#### Action item:
Among the entries below, only the lines starting at the one with "# ---- collections" and ending at the one with "world_world.color = (0.05088, 0.05088, 0.05088)", both included, are to be printed exactly.

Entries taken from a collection
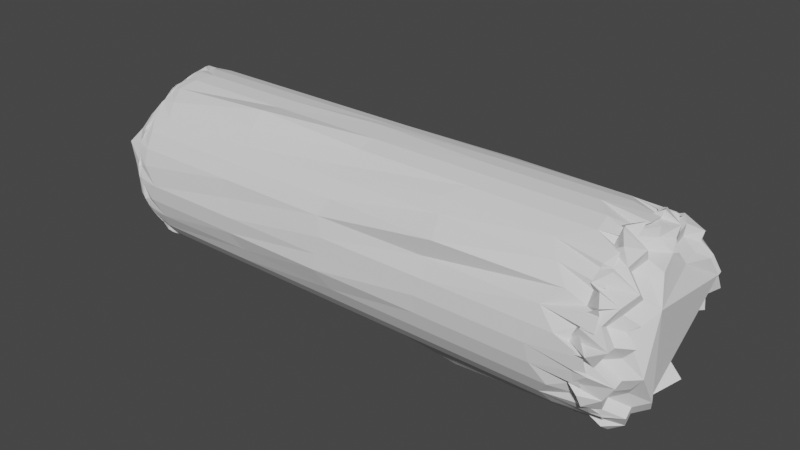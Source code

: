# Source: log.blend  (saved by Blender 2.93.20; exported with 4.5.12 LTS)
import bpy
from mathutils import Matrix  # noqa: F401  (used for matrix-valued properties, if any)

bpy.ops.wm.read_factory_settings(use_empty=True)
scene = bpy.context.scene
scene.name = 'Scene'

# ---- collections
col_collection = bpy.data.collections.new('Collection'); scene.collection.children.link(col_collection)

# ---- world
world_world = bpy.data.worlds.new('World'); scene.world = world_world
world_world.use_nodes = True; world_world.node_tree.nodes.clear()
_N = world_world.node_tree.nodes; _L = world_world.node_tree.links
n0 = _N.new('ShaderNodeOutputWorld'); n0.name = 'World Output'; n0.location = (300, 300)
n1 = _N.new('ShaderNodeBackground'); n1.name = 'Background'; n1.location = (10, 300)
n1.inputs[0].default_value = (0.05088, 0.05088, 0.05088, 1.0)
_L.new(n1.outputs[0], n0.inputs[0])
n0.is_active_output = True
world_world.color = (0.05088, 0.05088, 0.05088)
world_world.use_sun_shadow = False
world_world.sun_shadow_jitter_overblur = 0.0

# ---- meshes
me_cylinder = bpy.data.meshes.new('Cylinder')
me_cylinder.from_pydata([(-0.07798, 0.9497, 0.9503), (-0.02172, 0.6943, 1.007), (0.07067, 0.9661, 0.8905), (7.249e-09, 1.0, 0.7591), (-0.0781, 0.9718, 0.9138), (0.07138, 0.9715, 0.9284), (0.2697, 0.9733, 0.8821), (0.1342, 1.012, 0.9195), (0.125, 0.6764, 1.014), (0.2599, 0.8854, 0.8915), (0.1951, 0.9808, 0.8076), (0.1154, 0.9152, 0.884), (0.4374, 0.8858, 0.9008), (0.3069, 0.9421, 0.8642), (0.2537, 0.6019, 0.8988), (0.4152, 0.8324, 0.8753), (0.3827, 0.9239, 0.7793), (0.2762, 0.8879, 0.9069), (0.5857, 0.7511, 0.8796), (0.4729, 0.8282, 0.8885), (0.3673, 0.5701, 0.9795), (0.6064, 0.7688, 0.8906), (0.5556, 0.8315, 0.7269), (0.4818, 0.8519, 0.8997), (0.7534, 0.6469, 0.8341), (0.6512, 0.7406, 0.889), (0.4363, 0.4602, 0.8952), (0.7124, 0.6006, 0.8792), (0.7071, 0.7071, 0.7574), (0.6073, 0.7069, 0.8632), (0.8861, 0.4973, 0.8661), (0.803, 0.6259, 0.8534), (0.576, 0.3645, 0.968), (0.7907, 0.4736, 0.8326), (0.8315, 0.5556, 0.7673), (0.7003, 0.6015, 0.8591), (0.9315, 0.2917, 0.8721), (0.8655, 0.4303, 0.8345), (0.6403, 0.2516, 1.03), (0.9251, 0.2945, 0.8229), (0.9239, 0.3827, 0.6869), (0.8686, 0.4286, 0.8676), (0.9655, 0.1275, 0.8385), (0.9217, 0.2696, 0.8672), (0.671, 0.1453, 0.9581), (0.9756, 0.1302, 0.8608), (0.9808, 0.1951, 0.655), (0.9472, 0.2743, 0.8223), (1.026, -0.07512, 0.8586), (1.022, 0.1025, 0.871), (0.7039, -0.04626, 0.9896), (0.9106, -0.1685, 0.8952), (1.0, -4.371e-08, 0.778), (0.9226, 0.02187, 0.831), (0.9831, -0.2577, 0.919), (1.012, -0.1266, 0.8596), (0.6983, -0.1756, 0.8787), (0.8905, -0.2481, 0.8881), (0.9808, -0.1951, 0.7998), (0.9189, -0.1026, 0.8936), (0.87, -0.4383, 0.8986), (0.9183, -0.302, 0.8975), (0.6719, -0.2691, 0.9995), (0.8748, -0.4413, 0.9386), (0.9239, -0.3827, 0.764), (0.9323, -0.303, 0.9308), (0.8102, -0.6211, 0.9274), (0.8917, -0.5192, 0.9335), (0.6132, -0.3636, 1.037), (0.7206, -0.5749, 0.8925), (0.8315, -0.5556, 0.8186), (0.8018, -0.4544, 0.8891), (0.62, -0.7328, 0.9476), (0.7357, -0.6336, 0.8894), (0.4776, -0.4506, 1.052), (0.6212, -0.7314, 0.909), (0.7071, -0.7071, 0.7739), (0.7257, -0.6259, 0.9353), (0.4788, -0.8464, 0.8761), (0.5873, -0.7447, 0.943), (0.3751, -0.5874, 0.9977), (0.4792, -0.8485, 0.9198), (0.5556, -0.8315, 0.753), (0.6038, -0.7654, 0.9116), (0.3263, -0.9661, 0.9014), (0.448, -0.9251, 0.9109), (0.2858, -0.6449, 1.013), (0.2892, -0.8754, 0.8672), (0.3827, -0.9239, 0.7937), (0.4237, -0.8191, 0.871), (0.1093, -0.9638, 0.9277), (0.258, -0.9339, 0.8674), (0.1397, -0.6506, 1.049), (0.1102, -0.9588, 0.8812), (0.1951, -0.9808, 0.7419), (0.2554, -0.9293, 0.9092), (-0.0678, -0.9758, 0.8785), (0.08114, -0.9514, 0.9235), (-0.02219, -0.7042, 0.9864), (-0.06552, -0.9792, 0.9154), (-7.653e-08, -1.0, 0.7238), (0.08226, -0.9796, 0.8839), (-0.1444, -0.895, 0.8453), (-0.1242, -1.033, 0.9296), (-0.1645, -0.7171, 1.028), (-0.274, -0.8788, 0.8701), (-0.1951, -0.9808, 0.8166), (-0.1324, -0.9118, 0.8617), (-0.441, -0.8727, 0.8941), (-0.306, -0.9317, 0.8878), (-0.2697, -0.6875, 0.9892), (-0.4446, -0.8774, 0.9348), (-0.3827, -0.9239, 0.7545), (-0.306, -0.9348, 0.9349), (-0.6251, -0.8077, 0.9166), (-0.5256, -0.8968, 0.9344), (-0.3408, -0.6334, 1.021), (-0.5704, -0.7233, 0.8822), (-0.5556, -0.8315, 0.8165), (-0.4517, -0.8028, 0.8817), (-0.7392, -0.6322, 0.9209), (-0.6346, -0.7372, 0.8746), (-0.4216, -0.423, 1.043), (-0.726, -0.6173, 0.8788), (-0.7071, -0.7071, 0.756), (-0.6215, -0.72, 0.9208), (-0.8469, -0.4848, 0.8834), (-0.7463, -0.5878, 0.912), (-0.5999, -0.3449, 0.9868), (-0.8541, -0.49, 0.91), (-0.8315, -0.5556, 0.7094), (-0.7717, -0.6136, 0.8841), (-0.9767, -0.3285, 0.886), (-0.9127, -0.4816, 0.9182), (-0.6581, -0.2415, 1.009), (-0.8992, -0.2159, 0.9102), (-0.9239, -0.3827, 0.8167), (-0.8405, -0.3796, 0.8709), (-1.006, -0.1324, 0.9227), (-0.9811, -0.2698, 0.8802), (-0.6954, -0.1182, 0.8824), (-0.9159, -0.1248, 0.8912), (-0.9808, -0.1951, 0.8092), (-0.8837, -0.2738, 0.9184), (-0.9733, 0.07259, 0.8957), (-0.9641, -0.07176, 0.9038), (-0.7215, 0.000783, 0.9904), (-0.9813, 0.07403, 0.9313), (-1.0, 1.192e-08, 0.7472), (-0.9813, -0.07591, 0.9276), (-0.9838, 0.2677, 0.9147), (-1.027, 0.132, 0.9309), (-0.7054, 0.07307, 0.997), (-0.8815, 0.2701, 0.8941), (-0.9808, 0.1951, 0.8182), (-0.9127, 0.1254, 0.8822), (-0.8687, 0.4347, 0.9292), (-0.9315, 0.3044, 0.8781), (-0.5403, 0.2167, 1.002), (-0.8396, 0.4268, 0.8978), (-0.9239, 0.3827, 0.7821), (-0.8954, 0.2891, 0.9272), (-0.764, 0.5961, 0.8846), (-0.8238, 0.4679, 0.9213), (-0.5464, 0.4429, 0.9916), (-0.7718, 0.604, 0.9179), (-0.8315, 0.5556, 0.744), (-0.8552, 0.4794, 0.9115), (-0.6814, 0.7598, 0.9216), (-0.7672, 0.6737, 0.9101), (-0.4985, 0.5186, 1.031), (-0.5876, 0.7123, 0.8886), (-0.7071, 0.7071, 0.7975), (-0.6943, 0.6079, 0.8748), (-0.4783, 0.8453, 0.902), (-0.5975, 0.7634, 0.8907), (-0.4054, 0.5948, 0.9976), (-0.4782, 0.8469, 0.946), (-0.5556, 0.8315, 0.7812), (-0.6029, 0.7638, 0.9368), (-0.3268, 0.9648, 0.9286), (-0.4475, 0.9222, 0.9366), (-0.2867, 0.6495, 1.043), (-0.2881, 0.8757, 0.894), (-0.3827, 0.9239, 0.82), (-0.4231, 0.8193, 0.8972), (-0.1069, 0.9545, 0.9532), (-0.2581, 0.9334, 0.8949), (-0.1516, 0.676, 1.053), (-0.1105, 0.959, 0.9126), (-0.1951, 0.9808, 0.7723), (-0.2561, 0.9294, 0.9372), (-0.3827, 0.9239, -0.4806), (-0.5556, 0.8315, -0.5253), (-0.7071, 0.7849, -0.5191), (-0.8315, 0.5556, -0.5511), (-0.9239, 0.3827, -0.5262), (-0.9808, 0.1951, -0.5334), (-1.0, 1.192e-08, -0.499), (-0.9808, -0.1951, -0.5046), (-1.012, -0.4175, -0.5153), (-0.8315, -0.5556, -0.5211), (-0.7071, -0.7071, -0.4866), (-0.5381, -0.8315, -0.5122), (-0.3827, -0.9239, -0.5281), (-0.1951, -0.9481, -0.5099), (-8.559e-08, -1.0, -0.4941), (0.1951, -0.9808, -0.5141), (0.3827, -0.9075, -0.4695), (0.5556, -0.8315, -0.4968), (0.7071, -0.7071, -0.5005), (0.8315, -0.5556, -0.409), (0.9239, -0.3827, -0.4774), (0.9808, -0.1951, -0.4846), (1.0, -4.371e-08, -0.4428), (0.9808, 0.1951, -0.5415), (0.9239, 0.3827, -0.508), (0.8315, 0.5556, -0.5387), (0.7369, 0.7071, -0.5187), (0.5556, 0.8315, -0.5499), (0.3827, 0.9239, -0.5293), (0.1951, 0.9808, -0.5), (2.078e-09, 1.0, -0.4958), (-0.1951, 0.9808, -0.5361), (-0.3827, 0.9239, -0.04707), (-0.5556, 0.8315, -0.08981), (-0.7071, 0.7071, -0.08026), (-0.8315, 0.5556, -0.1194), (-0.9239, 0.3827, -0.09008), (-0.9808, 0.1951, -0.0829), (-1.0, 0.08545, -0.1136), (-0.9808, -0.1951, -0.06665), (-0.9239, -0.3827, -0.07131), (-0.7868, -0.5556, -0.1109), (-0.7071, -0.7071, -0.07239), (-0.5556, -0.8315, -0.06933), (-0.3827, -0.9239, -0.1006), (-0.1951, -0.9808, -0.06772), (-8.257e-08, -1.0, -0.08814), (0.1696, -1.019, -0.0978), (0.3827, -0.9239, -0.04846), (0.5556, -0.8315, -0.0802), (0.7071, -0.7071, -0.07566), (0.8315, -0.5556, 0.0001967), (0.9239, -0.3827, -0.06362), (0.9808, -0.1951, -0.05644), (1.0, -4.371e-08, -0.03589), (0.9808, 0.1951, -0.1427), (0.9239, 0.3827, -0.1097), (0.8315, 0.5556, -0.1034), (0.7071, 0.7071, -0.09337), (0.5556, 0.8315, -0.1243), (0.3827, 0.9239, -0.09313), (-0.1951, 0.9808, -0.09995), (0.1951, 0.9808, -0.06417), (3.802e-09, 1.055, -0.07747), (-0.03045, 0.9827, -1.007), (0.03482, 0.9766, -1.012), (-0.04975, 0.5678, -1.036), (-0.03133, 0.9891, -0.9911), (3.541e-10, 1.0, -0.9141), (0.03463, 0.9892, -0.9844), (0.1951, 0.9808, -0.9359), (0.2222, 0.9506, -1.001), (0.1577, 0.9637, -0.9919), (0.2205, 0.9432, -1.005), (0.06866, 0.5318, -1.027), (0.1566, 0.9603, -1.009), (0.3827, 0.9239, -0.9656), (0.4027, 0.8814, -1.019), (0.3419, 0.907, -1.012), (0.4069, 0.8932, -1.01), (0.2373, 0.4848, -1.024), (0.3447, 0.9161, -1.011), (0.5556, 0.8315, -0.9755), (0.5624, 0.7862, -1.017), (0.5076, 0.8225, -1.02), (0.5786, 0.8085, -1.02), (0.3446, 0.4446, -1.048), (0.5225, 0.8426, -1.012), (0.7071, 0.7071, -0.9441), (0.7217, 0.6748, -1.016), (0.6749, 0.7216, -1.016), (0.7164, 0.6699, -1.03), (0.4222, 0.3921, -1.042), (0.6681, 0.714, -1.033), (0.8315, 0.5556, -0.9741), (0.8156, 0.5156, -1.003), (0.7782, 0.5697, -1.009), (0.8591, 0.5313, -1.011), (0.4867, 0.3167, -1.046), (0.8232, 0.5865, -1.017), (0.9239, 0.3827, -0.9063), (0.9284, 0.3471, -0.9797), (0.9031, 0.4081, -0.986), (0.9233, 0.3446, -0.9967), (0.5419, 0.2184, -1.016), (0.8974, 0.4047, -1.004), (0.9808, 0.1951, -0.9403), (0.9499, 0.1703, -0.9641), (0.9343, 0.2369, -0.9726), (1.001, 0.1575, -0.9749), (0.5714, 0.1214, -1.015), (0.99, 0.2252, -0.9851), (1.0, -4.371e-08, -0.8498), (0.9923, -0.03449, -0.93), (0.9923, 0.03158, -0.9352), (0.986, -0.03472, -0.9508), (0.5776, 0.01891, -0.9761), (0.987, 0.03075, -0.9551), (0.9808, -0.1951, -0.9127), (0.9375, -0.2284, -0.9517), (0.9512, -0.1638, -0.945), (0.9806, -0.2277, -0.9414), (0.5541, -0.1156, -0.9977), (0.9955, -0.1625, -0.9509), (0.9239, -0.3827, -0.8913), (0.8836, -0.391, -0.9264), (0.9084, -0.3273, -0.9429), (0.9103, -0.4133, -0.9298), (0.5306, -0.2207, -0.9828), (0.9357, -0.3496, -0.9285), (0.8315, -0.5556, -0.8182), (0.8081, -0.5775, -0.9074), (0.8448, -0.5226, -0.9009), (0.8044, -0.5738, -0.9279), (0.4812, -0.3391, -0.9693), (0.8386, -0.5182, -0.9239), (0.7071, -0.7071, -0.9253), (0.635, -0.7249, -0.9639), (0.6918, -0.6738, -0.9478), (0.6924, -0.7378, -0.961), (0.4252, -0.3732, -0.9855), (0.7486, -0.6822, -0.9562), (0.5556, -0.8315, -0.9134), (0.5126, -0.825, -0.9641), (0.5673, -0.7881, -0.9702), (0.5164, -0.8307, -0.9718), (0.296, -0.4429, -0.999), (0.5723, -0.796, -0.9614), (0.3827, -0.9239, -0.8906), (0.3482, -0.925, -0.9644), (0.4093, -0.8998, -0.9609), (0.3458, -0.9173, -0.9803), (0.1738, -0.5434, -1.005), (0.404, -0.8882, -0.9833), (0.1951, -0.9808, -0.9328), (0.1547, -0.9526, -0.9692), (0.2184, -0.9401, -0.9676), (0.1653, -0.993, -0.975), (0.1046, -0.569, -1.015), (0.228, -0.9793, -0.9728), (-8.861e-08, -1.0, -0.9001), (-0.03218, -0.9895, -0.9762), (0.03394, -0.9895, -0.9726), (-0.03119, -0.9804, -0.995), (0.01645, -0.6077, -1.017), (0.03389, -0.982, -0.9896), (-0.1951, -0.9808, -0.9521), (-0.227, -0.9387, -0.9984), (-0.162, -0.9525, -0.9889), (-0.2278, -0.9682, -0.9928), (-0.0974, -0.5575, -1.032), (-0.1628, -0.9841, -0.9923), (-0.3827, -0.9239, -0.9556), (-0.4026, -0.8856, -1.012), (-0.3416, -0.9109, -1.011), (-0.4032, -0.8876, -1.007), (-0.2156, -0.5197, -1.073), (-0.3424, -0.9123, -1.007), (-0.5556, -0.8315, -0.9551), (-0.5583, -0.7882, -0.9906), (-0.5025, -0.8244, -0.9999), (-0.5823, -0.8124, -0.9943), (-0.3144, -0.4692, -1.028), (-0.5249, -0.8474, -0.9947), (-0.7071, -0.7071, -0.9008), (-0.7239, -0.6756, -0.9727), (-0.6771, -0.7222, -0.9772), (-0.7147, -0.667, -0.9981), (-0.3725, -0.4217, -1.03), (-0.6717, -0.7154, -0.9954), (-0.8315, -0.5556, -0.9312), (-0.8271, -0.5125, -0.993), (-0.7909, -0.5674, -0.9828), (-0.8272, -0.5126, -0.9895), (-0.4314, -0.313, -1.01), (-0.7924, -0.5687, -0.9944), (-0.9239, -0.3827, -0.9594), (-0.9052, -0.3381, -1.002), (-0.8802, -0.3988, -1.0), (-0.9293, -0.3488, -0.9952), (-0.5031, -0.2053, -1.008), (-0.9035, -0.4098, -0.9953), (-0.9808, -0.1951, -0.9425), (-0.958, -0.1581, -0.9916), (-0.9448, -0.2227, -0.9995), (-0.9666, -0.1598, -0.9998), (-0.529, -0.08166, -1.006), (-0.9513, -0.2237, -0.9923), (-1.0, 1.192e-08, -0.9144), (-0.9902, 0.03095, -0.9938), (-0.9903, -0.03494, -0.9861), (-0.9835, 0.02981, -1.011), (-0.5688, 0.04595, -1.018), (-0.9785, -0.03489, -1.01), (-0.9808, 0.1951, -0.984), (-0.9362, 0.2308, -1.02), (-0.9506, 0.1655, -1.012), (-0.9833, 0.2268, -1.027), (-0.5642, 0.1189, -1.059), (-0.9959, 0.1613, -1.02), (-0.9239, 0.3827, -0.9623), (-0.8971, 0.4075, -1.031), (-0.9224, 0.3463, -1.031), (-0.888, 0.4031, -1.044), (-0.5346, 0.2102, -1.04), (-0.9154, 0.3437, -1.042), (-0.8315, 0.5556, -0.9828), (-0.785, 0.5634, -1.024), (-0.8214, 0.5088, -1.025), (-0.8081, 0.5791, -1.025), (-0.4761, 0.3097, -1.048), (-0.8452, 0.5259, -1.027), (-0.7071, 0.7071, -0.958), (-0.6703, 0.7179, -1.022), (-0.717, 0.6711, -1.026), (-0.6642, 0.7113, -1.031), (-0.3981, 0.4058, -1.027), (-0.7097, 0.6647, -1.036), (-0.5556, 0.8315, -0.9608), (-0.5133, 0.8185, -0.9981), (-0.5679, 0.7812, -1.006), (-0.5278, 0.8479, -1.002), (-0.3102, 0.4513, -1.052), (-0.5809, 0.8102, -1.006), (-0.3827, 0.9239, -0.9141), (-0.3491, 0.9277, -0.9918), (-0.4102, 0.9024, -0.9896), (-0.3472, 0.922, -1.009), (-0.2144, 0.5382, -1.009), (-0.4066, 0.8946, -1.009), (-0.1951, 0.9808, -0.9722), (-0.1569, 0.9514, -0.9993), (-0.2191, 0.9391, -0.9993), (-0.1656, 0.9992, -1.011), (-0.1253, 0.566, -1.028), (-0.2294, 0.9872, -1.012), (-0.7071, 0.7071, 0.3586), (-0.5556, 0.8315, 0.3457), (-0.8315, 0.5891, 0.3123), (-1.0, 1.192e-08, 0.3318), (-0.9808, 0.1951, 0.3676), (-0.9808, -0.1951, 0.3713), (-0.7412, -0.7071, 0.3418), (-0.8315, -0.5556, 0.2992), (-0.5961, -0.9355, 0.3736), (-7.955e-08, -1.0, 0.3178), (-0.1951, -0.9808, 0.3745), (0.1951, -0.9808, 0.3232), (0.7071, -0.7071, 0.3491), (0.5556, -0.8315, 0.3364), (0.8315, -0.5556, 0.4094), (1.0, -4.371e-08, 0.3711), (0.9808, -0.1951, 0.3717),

#### Task answer:
# ---- collections
col_collection = bpy.data.collections.new('Collection'); scene.collection.children.link(col_collection)

# ---- world
world_world = bpy.data.worlds.new('World'); scene.world = world_world
world_world.use_nodes = True; world_world.node_tree.nodes.clear()
_N = world_world.node_tree.nodes; _L = world_world.node_tree.links
n0 = _N.new('ShaderNodeOutputWorld'); n0.name = 'World Output'; n0.location = (300, 300)
n1 = _N.new('ShaderNodeBackground'); n1.name = 'Background'; n1.location = (10, 300)
n1.inputs[0].default_value = (0.05088, 0.05088, 0.05088, 1.0)
_L.new(n1.outputs[0], n0.inputs[0])
n0.is_active_output = True
world_world.color = (0.05088, 0.05088, 0.05088)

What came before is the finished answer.